Но бессмысленная война продолжается, племена борются за некий трофей, лежащий в глубокой подземной камере. Мы лишь видим местами его неясные очертания, а потому на протяжении всего фильма спрашиваем себя – что же это такое. Возникает ощущение: этот вожделенный предмет – последнее, что еще может взывать к цивилизованным чувствам. Наконец мы видим его целиком: это неразорвавшаяся боеголовка, превращенная своими полоумными обладателями в варварскую икону. В конце фильма вырисовываются ее контуры – она лежит на неком подобии алтаря. Если присмотреться получше (на что вряд ли способна аудитория Саймона), то алтарь оказывается кучей никому не нужных религиозных символов и артефактов – распятия, исламские полумесяцы, египетские анки{311}
, изображения инь-ян, индуистские мандалы. Такой прием был характерен для фильмов Саймона – включение в кадр деталей, которые не имеют никакого отношения к происходящему, но тем не менее присутствуют и обычно мелькают с такой скоростью, что остаются незамеченными. Наконец совершается неизбежное: недо-недо случайно поджигают боеголовку. Ее корпус поднимается, сливаясь с сияющим солнцем, и образуется единство губительного света, который поглощает пейзаж, сюжет и всякий смысл.В течение тридцати секунд концовки экран пульсирует светом, столь ярким, что смотреть на него невозможно. Голоса «Вонючек» звучат, словно плач проклятых, а потом внезапно замолкают. Конец. Конец, который словно вибрирует в зале чудовищным космическим ритмом. Я не сомневался, что в эти жуткие мгновения втиснут один из касловских мотивов – водоворот, черная дыра отчаяния.
Когда фильм закончился, кто-то поспешил включить свет в зале. Саймон, сидевший в нескольких рядах передо мной со снятыми очками, вздрогнув, повернулся в моем направлении. Глаза у него и в самом деле оказались розовые, как у кролика. Он мучительно моргнул, глядя на меня; лицо у него было мертвенно-бледным, как у какого-то подземного животного, извлеченного из своей норы на свет божий. Он снова быстро надел очки и замер, глядя куда-то вниз; челюсти у него шевелились, двигались – он жевал «Милк Дадс», шариком перекатывавшийся у него под щеками.

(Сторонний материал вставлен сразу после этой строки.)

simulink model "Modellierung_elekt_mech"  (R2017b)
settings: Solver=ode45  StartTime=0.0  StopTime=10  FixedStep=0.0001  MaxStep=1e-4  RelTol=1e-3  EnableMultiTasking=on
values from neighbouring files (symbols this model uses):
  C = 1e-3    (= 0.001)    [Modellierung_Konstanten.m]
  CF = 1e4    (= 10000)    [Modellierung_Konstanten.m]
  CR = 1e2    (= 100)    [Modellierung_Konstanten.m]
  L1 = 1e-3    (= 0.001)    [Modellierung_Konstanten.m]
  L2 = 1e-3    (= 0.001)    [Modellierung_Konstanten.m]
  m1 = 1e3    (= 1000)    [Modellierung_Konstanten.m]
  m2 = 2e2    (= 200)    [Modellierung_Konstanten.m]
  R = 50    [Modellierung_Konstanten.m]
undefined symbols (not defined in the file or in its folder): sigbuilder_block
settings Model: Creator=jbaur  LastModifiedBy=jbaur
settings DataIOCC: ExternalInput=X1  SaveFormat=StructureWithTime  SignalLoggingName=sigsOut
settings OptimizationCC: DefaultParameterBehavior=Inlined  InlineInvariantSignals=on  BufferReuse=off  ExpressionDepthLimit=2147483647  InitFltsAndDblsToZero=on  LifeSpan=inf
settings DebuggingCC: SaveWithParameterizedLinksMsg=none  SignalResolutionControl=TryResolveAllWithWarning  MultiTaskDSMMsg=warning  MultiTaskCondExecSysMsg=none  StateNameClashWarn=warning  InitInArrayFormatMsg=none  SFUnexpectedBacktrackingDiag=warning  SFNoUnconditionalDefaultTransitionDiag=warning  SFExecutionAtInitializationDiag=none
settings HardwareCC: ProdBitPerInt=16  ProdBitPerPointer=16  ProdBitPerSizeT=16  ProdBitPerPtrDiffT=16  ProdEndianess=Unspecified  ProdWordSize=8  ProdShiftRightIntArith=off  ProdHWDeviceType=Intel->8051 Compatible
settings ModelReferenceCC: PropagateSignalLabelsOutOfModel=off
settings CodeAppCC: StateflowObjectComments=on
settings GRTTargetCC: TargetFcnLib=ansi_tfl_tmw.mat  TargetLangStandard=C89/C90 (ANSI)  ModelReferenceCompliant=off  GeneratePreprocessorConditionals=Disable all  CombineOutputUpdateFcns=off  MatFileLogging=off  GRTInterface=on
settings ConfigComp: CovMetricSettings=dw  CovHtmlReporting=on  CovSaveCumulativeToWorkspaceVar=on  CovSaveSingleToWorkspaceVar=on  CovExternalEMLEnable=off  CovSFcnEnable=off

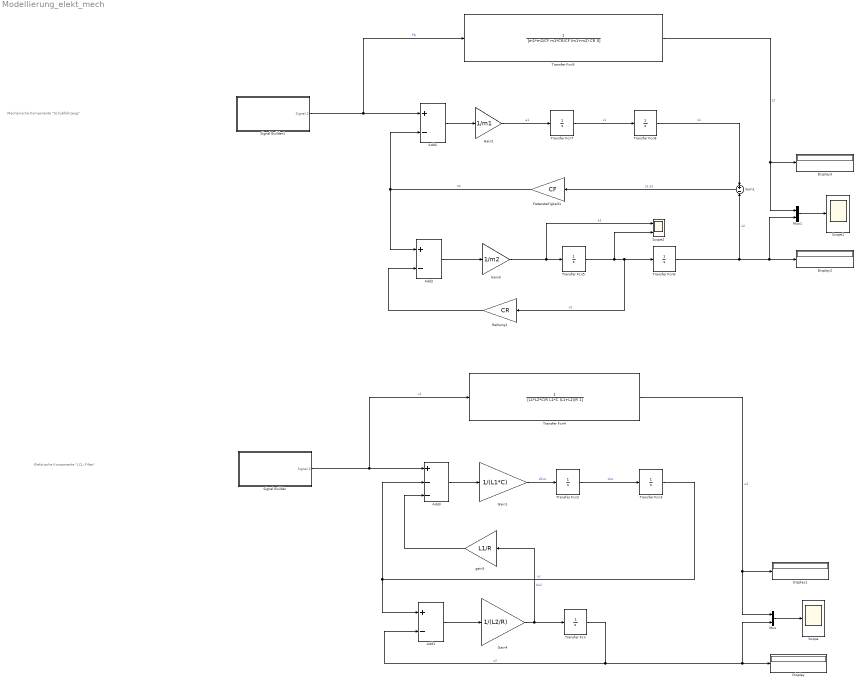
== system Modellierung_elekt_mech ==
  note: Elektrische Komponente "LCL-Filter"
  note: Mechanische Komponente "Schubfahrzeug"
  Add1 : Sum  Inputs=+-
  Add2 : Sum  Inputs=+-
  Add3 : Sum  Inputs=+--
  Add4 : Sum  Inputs=+-
  Display{,1..3} (4 alike) : Display
  Federsteifigkeit1 : Gain  Gain=CF
  Gain1 : Gain  Gain=1/(L1*C)
  Gain2 : Gain  Gain=1/m1
  Gain3 : Gain  Gain=1/m2
  Gain4 : Gain  Gain=1/(L2/R)
  Mux : Mux  Inputs=2
  Mux1 : Mux  Inputs=2
  Reibung1 : Gain  Gain=CR
  Scope : Scope
  Scope1 : Scope
  Scope2 : Scope  NumInputPorts=2
  Signal Builder : Subsystem  Tag=STV Subsys  LoadFcn=sigbuilder_block('load');  StartFcn=sigbuilder_block('start');  StopFcn=sigbuilder_block('stop');  ClipboardFcn=sigbuilder_block('clipboard');  mask(Sigbuilder block){tuvar=[0:10]}
      mask help: Simulink:masks:SigbuilderBlock_MD
      mask init:
      | if ~strcmp(get_param(bdroot(gcbh),'SimulationStatus'),'stopped') tuvar = sigbuilder_block('maskInit'); end
      settings: CopyFcn=sigbuilder_block('copy');  DeleteFcn=sigbuilder_block('delete');  ModelCloseFcn=sigbuilder_block('modelClose');  PreSaveFcn=sigbuilder_block('preSave');  PauseFcn=sigbuilder_block('pause');  ContinueFcn=sigbuilder_block('continue');  NameChangeFcn=sigbuilder_block('namechange');  OpenFcn=sigbuilder_block('open',[437.6 199.2 550.4 400 ]);  CloseFcn=sigbuilder_block('close');
      mask Display: plot(0, 0, 100, 100,[2, 2, 32, 32, 2], [68, 8, 8, 68, 68],[32, 2], [38, 38], [32, 19, 2],[53, 60, 44], [32, 17, 17, 2],[16, 16, 31, 31]);txt = getActiveGroup(gcbh);text(2, 100, txt,'verticalAlignment', 'top');
  Signal Builder1 : Subsystem  Tag=STV Subsys  LoadFcn=sigbuilder_block('load');  StartFcn=sigbuilder_block('start');  StopFcn=sigbuilder_block('stop');  ClipboardFcn=sigbuilder_block('clipboard');  mask(Sigbuilder block){tuvar=[0:10]}
      mask help: Simulink:masks:SigbuilderBlock_MD
      mask init:
      | if ~strcmp(get_param(bdroot(gcbh),'SimulationStatus'),'stopped') tuvar = sigbuilder_block('maskInit'); end
      settings: CopyFcn=sigbuilder_block('copy');  DeleteFcn=sigbuilder_block('delete');  ModelCloseFcn=sigbuilder_block('modelClose');  PreSaveFcn=sigbuilder_block('preSave');  PauseFcn=sigbuilder_block('pause');  ContinueFcn=sigbuilder_block('continue');  NameChangeFcn=sigbuilder_block('namechange');  OpenFcn=sigbuilder_block('open',[437.6 199.2 550.4 400 ]);  CloseFcn=sigbuilder_block('close');
      mask Display: plot(0, 0, 100, 100,[2, 2, 32, 32, 2], [68, 8, 8, 68, 68],[32, 2], [38, 38], [32, 19, 2],[53, 60, 44], [32, 17, 17, 2],[16, 16, 31, 31]);txt = getActiveGroup(gcbh);text(2, 100, txt,'verticalAlignment', 'top');
  Sum1 : Sum  Inputs=+|-
  Transfer Fcn{,2..3,5..8} (7 alike) : TransferFcn  Denominator=[1 0]
  Transfer Fcn4 : TransferFcn  Denominator=[L1*L2*C/R L1*C (L1+L2)/R 1]
  Transfer Fcn9 : TransferFcn  Denominator=[m1*m2/CF m1*CR/CF (m1+m2) CR 0]
  gain5 : Gain  Gain=L1/R
  wires:
  Gain4/1 -> gain5/1, Transfer Fcn/1  "du2"
  Add1/1 -> Gain4/1
  Transfer Fcn/1 -> Add1/2, Display/1, Mux/2  "u2"
  Gain1/1 -> Transfer Fcn2/1  "d2uc"
  Add3/1 -> Gain1/1
  Signal Builder/1(Signal 2) -> Transfer Fcn4/1, Add3/1  "u1"
  Transfer Fcn2/1 -> Transfer Fcn3/1  "duc"
  Transfer Fcn3/1 -> Add1/1, Add3/2  "uc"
  Mux/1 -> Scope/1
  Transfer Fcn5/1 -> Scope2/2, Reibung1/1, Transfer Fcn6/1  "v2"
  Transfer Fcn6/1 -> Sum1/2, Display2/1, Mux1/2  "s2"
  Gain3/1 -> Scope2/1, Transfer Fcn5/1  "a1"
  Add2/1 -> Gain3/1
  Reibung1/1 -> Add2/2
  Gain2/1 -> Transfer Fcn7/1  "a1"
  Add4/1 -> Gain2/1
  Federsteifigkeit1/1 -> Add2/1, Add4/2  "FF"
  Signal Builder1/1(Signal 2) -> Transfer Fcn9/1, Add4/1  "FA"
  Transfer Fcn7/1 -> Transfer Fcn8/1  "v1"
  Transfer Fcn8/1 -> Sum1/1  "s1"
  Sum1/1 -> Federsteifigkeit1/1  "s1-s2"
  Mux1/1 -> Scope1/1
  Transfer Fcn9/1 -> Display3/1, Mux1/1  "s2"
  gain5/1 -> Add3/3
  Transfer Fcn4/1 -> Mux/1, Display1/1  "u2"

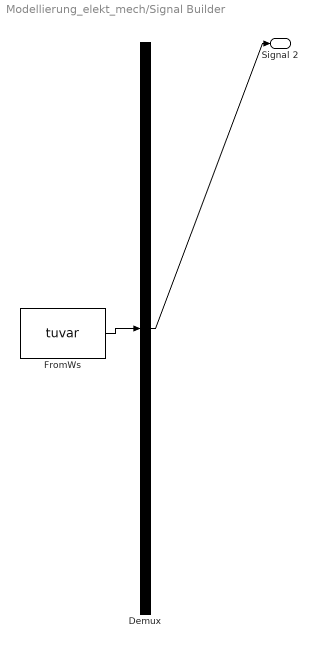
== system Modellierung_elekt_mech/Signal Builder ==
  Demux : Demux  Tag=STV Demux  Outputs=1
  FromWs : FromWorkspace  Tag=STV FromWs  VariableName=tuvar  SampleTime=0
      SigBuilderData=|
      | common.afterFinalStr = 'Extrapolate'
      | common.sampleTime = 0
      | dataSet.timeRange = [0 10]
      | dataSet.name = 'Group 1'
      | sbobj.Groups.Name = 'Group 1'
      | sbobj.Groups.Signals.Name = 'Signal 2'
      | sbobj.Groups.Signals.XData = [0 1 1 10]
      | sbobj.Groups.Signals.YData = [0 0 5 5]
  Signal 2 : Outport  Tag=STV Outport
  wires:
  FromWs/1 -> Demux/1
  Demux/1 -> Signal 2/1

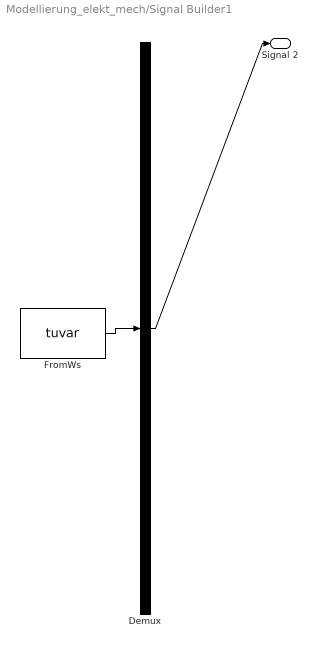
== system Modellierung_elekt_mech/Signal Builder1 ==
  Demux : Demux  Tag=STV Demux  Outputs=1
  FromWs : FromWorkspace  Tag=STV FromWs  VariableName=tuvar  SampleTime=0
      SigBuilderData=|
      | common.afterFinalStr = 'Extrapolate'
      | common.sampleTime = 0
      | dataSet.timeRange = [0 10]
      | dataSet.name = 'Group 1'
      | sbobj.Groups.Name = 'Group 1'
      | sbobj.Groups.Signals.Name = 'Signal 2'
      | sbobj.Groups.Signals.XData = [0 1 1 5 5 10]
      | sbobj.Groups.Signals.YData = [0 0 500 500 0 0]
  Signal 2 : Outport  Tag=STV Outport
  wires:
  FromWs/1 -> Demux/1
  Demux/1 -> Signal 2/1
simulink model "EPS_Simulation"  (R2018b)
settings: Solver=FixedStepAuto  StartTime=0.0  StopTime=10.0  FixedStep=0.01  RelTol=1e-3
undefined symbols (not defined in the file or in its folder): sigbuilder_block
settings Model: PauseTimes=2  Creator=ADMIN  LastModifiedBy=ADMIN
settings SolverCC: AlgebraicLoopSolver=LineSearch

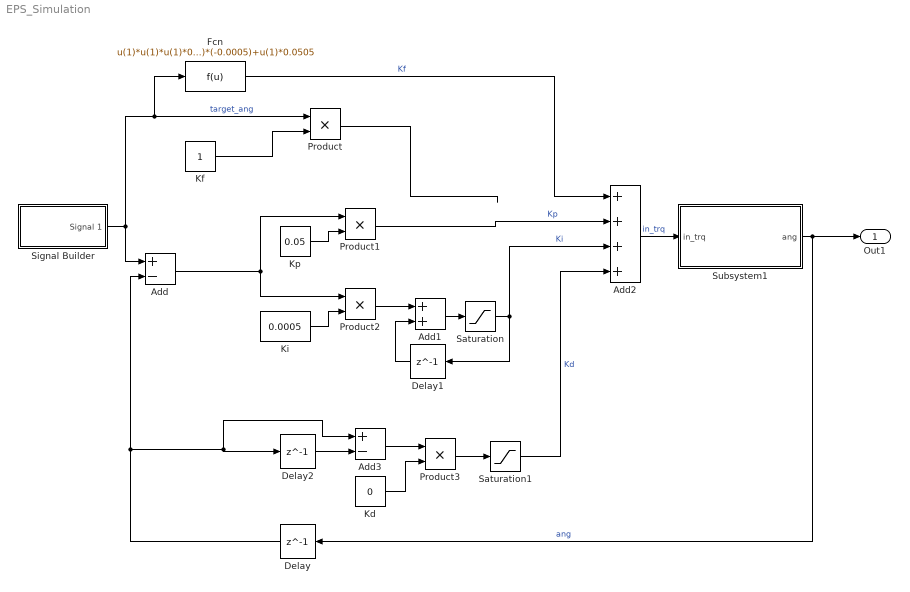
== system EPS_Simulation ==
  Add : Sum  Inputs=+-
  Add1 : Sum
  Add2 : Sum  Inputs=++++
  Add3 : Sum  Inputs=+-
  Delay : Delay  DelayLength=1
  Delay1 : Delay  DelayLength=1
  Delay2 : Delay  DelayLength=1
  Fcn : Fcn  Expr=u(1)*u(1)*u(1)*0.000002+u(1)*u(1)*(-0.0005)+u(1)*0.0505
  Kd : Constant  Value=0
  Kf : Constant
  Ki : Constant  Value=0.0005
  Kp : Constant  Value=0.05
  Product{,1..3} (4 alike) : Product
  Saturation : Saturate
  Saturation1 : Saturate  UpperLimit=1  LowerLimit=-0.1
  Signal Builder : Subsystem  Tag=STV Subsys  LoadFcn=sigbuilder_block('load');  StartFcn=sigbuilder_block('start');  StopFcn=sigbuilder_block('stop');  ClipboardFcn=sigbuilder_block('clipboard');  mask(Sigbuilder block){tuvar=[0:10]}
      mask help: Simulink:masks:SigbuilderBlock_MD
      mask init:
      | if ~strcmp(get_param(bdroot(gcbh),'SimulationStatus'),'stopped') tuvar = sigbuilder_block('maskInit'); end
      settings: CopyFcn=sigbuilder_block('copy');  DeleteFcn=sigbuilder_block('delete');  ModelCloseFcn=sigbuilder_block('modelClose');  PreSaveFcn=sigbuilder_block('preSave');  PauseFcn=sigbuilder_block('pause');  ContinueFcn=sigbuilder_block('continue');  NameChangeFcn=sigbuilder_block('namechange');  OpenFcn=sigbuilder_block('open',[437.6 199.2 550.4 400 ]);  CloseFcn=sigbuilder_block('close');
      mask Display: plot(0, 0, 100, 100,[2, 2, 32, 32, 2], [68, 8, 8, 68, 68],[32, 2], [38, 38], [32, 19, 2],[53, 60, 44], [32, 17, 17, 2],[16, 16, 31, 31]);txt = getActiveGroup(gcbh);text(2, 100, txt,'verticalAlignment', 'top');
  Subsystem1 : Subsystem
  Out1 : Outport
  wires:
  Product1/1 -> Add2/2  "Kp"
  Subsystem1/1(ang) -> Delay/1, Out1/1  "ang"
  Signal Builder/1(Signal 1) -> Fcn/1, Product/1, Add/1  "target_ang"
  Kf/1 -> Product/2
  Add/1 -> Product2/1, Product1/1
  Kp/1 -> Product1/2
  Ki/1 -> Product2/2
  Product2/1 -> Add1/1
  Add1/1 -> Saturation/1
  Delay1/1 -> Add1/2
  Saturation/1 -> Delay1/1, Add2/3  "Ki"
  Product/1 -> ?
  Add2/1 -> Subsystem1/1(in_trq)  "in_trq"
  Delay2/1 -> Add3/2
  Add3/1 -> Product3/1
  Kd/1 -> Product3/2
  Product3/1 -> Saturation1/1
  Fcn/1 -> Add2/1  "Kf"
  Saturation1/1 -> Add2/4  "Kd"
  Delay/1 -> Delay2/1, Add3/1, Add/2

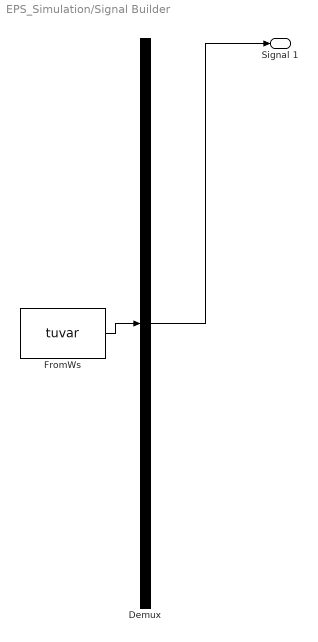
== system EPS_Simulation/Signal Builder ==
  Demux : Demux  Tag=STV Demux  Outputs=1
  FromWs : FromWorkspace  Tag=STV FromWs  VariableName=tuvar  SampleTime=0
      SigBuilderData=|
      | common.afterFinalStr = 'Extrapolate'
      | common.sampleTime = 0
      | dataSet.timeRange = [0 10]
      | dataSet.name = 'Group 1'
      | sbobj.Groups.Name = 'Group 1'
      | sbobj.Groups.Signals.Name = 'Signal 1'
      | sbobj.Groups.Signals.XData = [0 2 2 3.56 8.44 10]
      | sbobj.Groups.Signals.YData = [0 0 29.4 3.8 -4.4 30]
  Signal 1 : Outport  Tag=STV Outport
  wires:
  Demux/1 -> Signal 1/1
  FromWs/1 -> Demux/1

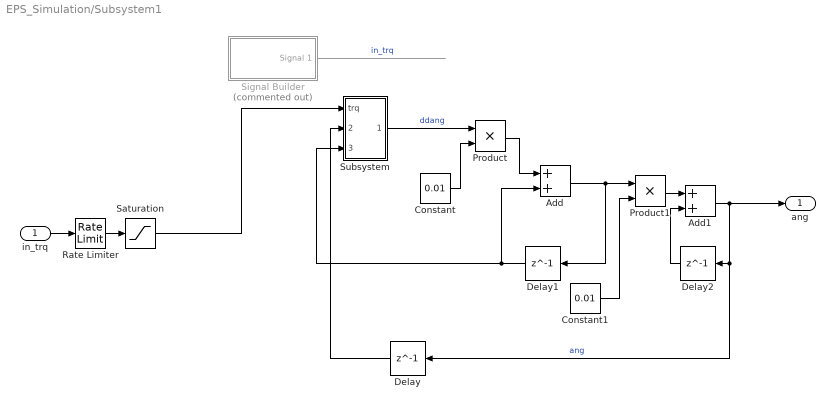
== system EPS_Simulation/Subsystem1 ==
  in_trq : Inport
  Add : Sum
  Add1 : Sum
  Constant : Constant  Value=0.01
  Constant1 : Constant  Value=0.01
  Delay : Delay  DelayLength=1
  Delay1 : Delay  DelayLength=1
  Delay2 : Delay  DelayLength=1
  Product : Product
  Product1 : Product
  Rate Limiter : RateLimiter  RisingSlewLimit=10  FallingSlewLimit=-10  SampleTimeMode=inherited
  Saturation : Saturate  UpperLimit=2  LowerLimit=-2
  Signal Builder : Subsystem  Tag=STV Subsys  Commented=on  LoadFcn=sigbuilder_block('load');  StartFcn=sigbuilder_block('start');  StopFcn=sigbuilder_block('stop');  ClipboardFcn=sigbuilder_block('clipboard');  mask(Sigbuilder block){tuvar=[0:10]}
      mask help: Simulink:masks:SigbuilderBlock_MD
      mask init:
      | if ~strcmp(get_param(bdroot(gcbh),'SimulationStatus'),'stopped') tuvar = sigbuilder_block('maskInit'); end
      settings: CopyFcn=sigbuilder_block('copy');  DeleteFcn=sigbuilder_block('delete');  ModelCloseFcn=sigbuilder_block('modelClose');  PreSaveFcn=sigbuilder_block('preSave');  PauseFcn=sigbuilder_block('pause');  ContinueFcn=sigbuilder_block('continue');  NameChangeFcn=sigbuilder_block('namechange');  OpenFcn=sigbuilder_block('open',[437.6 199.2 550.4 400 ]);  CloseFcn=sigbuilder_block('close');
      mask Display: plot(0, 0, 100, 100,[2, 2, 32, 32, 2], [68, 8, 8, 68, 68],[32, 2], [38, 38], [32, 19, 2],[53, 60, 44], [32, 17, 17, 2],[16, 16, 31, 31]);txt = getActiveGroup(gcbh);text(2, 100, txt,'verticalAlignment', 'top');
  Subsystem : Subsystem
  ang : Outport
  wires:
  Constant1/1 -> Product1/2
  Subsystem/1(Out1) -> Product/1  "ddang"
  Add1/1 -> ang/1, Delay2/1, Delay/1  "ang"
  Constant/1 -> Product/2
  Product/1 -> Add/1
  Delay2/1 -> Add1/2
  Delay/1 -> Subsystem/2(ang)
  Delay1/1 -> Add/2, Subsystem/3(angspd)
  Add/1 -> Delay1/1, Product1/1
  Product1/1 -> Add1/1
  in_trq/1 -> Rate Limiter/1
  Signal Builder/1(Signal 1) -> ?  "in_trq"
  Rate Limiter/1 -> Saturation/1
  Saturation/1 -> Subsystem/1(trq)

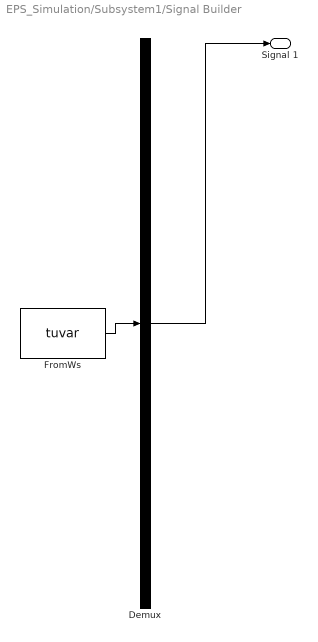
== system EPS_Simulation/Subsystem1/Signal Builder ==
  Demux : Demux  Tag=STV Demux  Outputs=1
  FromWs : FromWorkspace  Tag=STV FromWs  VariableName=tuvar  SampleTime=0
      SigBuilderData=|
      | common.afterFinalStr = 'Extrapolate'
      | common.sampleTime = 0
      | dataSet.timeRange = [0 10]
      | dataSet.name = 'Group 1'
      | sbobj.Groups.Name = 'Group 1'
      | sbobj.Groups.Signals.Name = 'Signal 1'
      | sbobj.Groups.Signals.XData = [0 2.24 5 6.02 10]
      | sbobj.Groups.Signals.YData = [0 -0.72 1.695 -1.56 0.5]
  Signal 1 : Outport  Tag=STV Outport
  wires:
  Demux/1 -> Signal 1/1
  FromWs/1 -> Demux/1

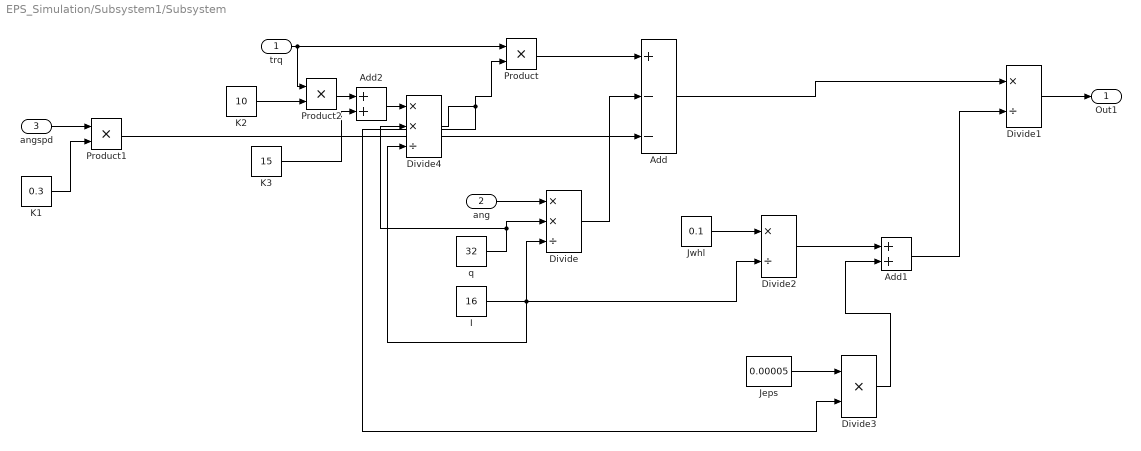
== system EPS_Simulation/Subsystem1/Subsystem ==
  trq : Inport
  ang : Inport  Port=2
  angspd : Inport  Port=3
  Add : Sum  Inputs=+--
  Add1 : Sum
  Add2 : Sum
  Divide : Product  Inputs=**/
  Divide1 : Product  Inputs=*/
  Divide2 : Product  Inputs=*/
  Divide3 : Product  Inputs=**
  Divide4 : Product  Inputs=**/
  I : Constant  Value=16
  Jeps : Constant  Value=0.00005
  Jwhl : Constant  Value=0.1
  K1 : Constant  Value=0.3
  K2 : Constant  Value=10
  K3 : Constant  Value=15
  Product : Product
  Product1 : Product
  Product2 : Product
  q : Constant  Value=32
  Out1 : Outport
  wires:
  trq/1 -> Product2/1, Product/1
  Product/1 -> Add/1
  Divide1/1 -> Out1/1
  Add/1 -> Divide1/1
  Add1/1 -> Divide1/2
  ang/1 -> Divide/1
  q/1 -> Divide/2, Divide4/2
  Divide/1 -> Add/2
  Jwhl/1 -> Divide2/1
  I/1 -> Divide/3, Divide4/3, Divide2/2
  Divide2/1 -> Add1/1
  Divide4/1 -> Product/2, Divide3/2
  Jeps/1 -> Divide3/1
  Divide3/1 -> Add1/2
  angspd/1 -> Product1/1
  Product1/1 -> Add/3
  K1/1 -> Product1/2
  K2/1 -> Product2/2
  Product2/1 -> Add2/1
  K3/1 -> Add2/2
  Add2/1 -> Divide4/1

Гости, кроме меня и Жанет, были на седьмом небе. Бобби Сифилис и его команда (выкурившая за время просмотра не одну самокрутку) не могли сдержать переполнявших их эмоций. Давалка вертелась на своем кресле.
– Вот это блевота! – снова и снова вопила она. – Вот это настоящая блевотная киношка!
– Я просто тащусь, – добавила другая девица.
Трахарь – его зрачки расширились до размера десятицентовика – неловко перепрыгнул через два ряда, чтобы шарахнуть Саймона со всей силы по спине.